> [INSTRUCTIONS TO FOLLOW] Once you reach the line that holds "note: Stage 2" in the listing below, output it and every line after it through the line that holds "Battery : Subsystem", word for word.

> [GIVEN ENTRIES]
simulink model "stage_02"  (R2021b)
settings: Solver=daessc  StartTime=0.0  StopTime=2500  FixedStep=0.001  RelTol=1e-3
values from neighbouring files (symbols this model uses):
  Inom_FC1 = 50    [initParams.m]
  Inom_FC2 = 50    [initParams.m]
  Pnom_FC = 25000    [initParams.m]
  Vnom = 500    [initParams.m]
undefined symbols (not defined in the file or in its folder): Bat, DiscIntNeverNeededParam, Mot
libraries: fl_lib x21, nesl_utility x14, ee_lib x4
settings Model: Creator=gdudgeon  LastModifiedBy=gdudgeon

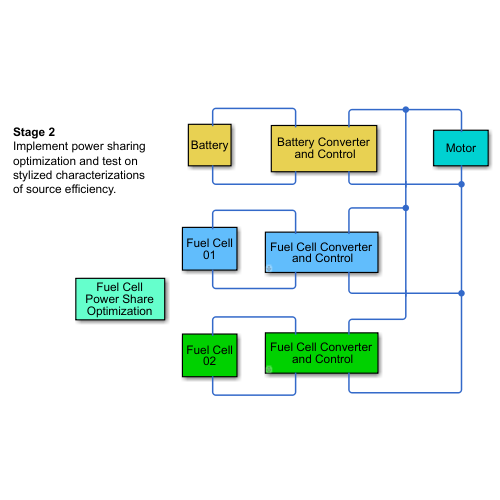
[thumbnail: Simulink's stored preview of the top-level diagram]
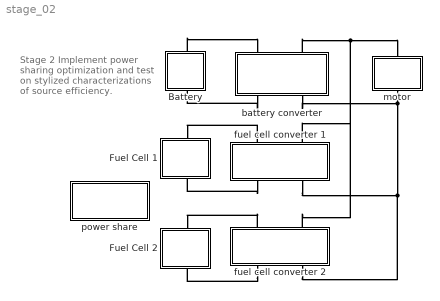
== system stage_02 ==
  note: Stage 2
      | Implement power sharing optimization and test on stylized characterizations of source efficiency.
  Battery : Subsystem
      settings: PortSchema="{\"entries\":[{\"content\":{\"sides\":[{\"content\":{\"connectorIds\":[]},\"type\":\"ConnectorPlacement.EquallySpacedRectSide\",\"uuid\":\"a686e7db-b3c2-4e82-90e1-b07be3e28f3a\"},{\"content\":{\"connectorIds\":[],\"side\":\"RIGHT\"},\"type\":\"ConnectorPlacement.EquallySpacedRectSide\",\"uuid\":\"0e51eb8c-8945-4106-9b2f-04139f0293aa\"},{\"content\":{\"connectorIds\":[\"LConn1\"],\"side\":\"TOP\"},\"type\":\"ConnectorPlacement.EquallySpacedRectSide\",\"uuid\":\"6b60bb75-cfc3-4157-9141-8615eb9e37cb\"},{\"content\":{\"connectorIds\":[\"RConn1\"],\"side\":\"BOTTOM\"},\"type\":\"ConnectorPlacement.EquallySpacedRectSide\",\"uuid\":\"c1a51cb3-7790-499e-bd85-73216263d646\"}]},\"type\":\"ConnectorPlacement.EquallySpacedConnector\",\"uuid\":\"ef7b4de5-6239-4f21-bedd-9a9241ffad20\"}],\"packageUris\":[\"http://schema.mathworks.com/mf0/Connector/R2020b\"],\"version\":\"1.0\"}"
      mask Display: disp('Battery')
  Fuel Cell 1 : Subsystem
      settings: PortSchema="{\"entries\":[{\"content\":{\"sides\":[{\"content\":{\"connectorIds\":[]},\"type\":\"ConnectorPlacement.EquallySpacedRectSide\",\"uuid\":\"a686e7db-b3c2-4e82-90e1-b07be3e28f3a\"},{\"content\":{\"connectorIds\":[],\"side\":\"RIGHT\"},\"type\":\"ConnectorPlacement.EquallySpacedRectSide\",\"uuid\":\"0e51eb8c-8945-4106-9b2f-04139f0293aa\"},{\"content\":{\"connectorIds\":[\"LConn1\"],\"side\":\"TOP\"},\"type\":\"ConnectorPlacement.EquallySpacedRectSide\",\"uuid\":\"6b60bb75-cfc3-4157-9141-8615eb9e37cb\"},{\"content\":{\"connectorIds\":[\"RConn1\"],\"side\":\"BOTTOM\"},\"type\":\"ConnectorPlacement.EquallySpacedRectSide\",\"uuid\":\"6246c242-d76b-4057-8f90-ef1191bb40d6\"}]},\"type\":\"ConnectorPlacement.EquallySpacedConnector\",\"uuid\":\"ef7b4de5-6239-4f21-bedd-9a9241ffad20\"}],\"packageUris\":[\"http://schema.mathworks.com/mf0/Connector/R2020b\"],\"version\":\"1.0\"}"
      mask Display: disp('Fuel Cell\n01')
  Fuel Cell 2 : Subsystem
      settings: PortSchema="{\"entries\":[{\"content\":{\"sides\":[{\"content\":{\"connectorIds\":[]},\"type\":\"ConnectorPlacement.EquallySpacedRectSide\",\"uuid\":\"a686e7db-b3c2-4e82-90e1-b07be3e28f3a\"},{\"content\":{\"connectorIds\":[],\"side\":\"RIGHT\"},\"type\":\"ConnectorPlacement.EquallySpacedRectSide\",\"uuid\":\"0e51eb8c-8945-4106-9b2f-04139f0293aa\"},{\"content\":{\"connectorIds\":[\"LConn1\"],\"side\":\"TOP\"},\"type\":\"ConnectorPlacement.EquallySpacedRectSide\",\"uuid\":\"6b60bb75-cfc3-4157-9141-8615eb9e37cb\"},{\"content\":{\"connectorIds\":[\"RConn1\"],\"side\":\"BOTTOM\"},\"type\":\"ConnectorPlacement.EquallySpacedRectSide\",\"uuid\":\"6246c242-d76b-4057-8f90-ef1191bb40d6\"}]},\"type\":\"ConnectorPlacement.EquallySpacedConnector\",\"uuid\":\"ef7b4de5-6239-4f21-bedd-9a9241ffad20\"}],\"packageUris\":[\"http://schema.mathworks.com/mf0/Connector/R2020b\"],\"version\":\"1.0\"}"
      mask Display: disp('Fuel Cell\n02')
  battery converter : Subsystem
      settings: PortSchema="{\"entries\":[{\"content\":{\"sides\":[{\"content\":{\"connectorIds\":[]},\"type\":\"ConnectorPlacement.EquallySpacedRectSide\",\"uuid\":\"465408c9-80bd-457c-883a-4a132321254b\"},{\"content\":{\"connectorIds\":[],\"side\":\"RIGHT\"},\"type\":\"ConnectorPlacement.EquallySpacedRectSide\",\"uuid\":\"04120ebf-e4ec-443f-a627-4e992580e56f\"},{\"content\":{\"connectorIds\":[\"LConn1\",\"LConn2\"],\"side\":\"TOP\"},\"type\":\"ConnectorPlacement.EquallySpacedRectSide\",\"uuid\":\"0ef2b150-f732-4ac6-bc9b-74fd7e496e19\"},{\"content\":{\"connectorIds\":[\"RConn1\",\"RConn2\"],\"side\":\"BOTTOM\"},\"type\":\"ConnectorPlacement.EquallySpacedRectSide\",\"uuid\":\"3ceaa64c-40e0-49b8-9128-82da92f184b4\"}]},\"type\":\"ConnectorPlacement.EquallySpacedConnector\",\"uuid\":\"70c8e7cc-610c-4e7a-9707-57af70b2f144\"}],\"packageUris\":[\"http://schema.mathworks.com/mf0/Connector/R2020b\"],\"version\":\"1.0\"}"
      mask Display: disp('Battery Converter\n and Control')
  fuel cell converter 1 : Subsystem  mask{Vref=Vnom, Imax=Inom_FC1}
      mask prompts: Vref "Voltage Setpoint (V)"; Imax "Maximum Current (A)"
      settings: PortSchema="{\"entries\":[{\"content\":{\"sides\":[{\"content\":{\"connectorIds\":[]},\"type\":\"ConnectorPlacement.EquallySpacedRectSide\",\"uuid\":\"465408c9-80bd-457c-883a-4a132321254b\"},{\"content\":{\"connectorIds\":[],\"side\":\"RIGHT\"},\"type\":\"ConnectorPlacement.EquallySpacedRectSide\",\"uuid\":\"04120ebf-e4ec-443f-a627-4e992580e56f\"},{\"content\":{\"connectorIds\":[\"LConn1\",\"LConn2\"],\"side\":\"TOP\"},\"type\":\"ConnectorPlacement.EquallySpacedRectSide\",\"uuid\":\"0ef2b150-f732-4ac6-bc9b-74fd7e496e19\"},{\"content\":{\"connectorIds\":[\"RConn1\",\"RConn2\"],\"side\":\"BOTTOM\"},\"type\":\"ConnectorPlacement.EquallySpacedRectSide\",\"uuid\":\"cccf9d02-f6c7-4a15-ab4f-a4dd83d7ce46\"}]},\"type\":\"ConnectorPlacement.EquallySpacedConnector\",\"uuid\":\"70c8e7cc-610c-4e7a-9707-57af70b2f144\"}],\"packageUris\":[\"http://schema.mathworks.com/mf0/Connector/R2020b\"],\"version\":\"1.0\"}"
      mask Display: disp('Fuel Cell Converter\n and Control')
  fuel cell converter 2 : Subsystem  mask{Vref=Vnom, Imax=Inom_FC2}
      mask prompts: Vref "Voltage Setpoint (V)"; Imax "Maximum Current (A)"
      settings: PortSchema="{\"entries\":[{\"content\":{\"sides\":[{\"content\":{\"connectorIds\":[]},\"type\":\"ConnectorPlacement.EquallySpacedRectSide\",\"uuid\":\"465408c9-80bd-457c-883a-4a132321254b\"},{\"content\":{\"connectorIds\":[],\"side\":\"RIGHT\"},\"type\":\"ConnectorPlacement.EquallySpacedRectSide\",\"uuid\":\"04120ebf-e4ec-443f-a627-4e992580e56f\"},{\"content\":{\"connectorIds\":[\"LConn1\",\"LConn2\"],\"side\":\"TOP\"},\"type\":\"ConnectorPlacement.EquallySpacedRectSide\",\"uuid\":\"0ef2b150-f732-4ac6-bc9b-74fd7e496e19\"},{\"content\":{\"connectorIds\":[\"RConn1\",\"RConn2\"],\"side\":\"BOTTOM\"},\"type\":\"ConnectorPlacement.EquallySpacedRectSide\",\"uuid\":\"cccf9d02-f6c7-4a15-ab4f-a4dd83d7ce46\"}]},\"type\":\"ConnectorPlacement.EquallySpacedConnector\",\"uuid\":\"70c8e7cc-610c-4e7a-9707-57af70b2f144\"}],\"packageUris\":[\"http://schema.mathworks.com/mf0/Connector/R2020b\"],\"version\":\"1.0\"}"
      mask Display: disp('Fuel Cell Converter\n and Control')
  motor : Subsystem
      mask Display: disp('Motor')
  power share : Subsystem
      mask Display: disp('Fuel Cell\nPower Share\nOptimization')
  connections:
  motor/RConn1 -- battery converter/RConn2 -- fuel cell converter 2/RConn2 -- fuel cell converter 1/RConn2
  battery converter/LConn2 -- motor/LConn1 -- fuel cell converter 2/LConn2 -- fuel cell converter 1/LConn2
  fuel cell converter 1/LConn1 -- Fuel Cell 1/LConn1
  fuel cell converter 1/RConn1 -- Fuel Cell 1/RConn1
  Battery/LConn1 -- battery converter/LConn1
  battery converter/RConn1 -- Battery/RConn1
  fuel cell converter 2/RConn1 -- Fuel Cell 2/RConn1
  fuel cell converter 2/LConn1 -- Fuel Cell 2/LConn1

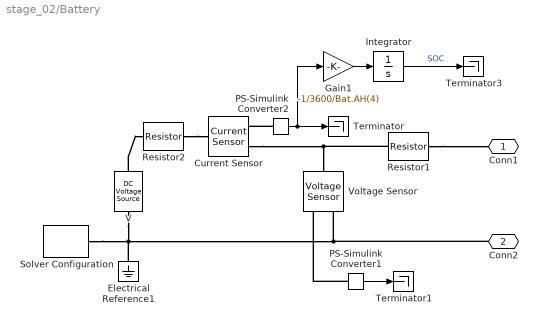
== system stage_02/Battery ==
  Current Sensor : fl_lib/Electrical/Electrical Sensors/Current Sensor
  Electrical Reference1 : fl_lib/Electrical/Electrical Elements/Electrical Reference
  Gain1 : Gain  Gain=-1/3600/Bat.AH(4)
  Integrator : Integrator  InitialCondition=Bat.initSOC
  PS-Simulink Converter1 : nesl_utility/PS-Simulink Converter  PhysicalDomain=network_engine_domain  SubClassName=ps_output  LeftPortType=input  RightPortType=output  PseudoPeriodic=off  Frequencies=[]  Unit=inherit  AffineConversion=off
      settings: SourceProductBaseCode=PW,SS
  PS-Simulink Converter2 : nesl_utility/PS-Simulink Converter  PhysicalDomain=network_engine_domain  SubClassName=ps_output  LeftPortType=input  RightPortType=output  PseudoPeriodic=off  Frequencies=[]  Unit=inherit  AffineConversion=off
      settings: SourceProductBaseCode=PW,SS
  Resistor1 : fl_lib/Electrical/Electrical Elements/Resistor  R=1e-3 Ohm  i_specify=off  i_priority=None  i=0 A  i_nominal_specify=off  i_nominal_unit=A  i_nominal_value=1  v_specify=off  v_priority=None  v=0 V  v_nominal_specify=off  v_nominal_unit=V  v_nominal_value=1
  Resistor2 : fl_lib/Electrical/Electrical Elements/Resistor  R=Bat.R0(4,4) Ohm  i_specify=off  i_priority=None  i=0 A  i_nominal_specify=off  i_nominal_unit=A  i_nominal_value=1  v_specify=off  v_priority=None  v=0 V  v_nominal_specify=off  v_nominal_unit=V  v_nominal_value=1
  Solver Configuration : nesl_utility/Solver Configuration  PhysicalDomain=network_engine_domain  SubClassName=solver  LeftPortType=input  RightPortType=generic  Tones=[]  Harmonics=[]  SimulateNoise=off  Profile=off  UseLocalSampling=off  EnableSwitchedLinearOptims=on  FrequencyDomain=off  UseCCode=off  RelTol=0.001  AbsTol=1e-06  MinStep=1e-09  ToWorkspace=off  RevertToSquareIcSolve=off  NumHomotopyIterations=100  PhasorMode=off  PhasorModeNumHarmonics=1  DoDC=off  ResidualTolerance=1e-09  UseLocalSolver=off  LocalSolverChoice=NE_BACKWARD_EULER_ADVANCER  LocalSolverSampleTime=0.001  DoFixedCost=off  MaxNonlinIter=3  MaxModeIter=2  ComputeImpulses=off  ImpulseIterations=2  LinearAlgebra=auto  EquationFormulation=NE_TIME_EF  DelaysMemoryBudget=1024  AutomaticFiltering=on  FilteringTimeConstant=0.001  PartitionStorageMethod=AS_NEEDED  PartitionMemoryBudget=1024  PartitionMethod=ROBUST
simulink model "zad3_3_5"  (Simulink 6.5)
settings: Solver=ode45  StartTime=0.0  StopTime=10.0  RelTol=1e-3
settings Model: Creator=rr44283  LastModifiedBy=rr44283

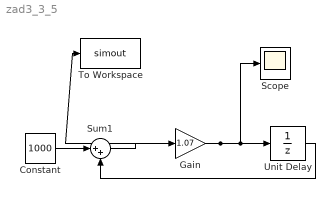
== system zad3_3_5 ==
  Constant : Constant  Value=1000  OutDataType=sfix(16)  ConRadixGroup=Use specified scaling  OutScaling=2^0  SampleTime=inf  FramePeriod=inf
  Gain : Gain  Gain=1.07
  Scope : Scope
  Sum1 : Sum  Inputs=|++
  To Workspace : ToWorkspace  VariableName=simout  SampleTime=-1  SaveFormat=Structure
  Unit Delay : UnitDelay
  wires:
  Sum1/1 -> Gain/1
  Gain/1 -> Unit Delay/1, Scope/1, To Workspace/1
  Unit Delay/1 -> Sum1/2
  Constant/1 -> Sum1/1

> [TASK OUTPUT]
  note: Stage 2
      | Implement power sharing optimization and test on stylized characterizations of source efficiency.
  Battery : Subsystem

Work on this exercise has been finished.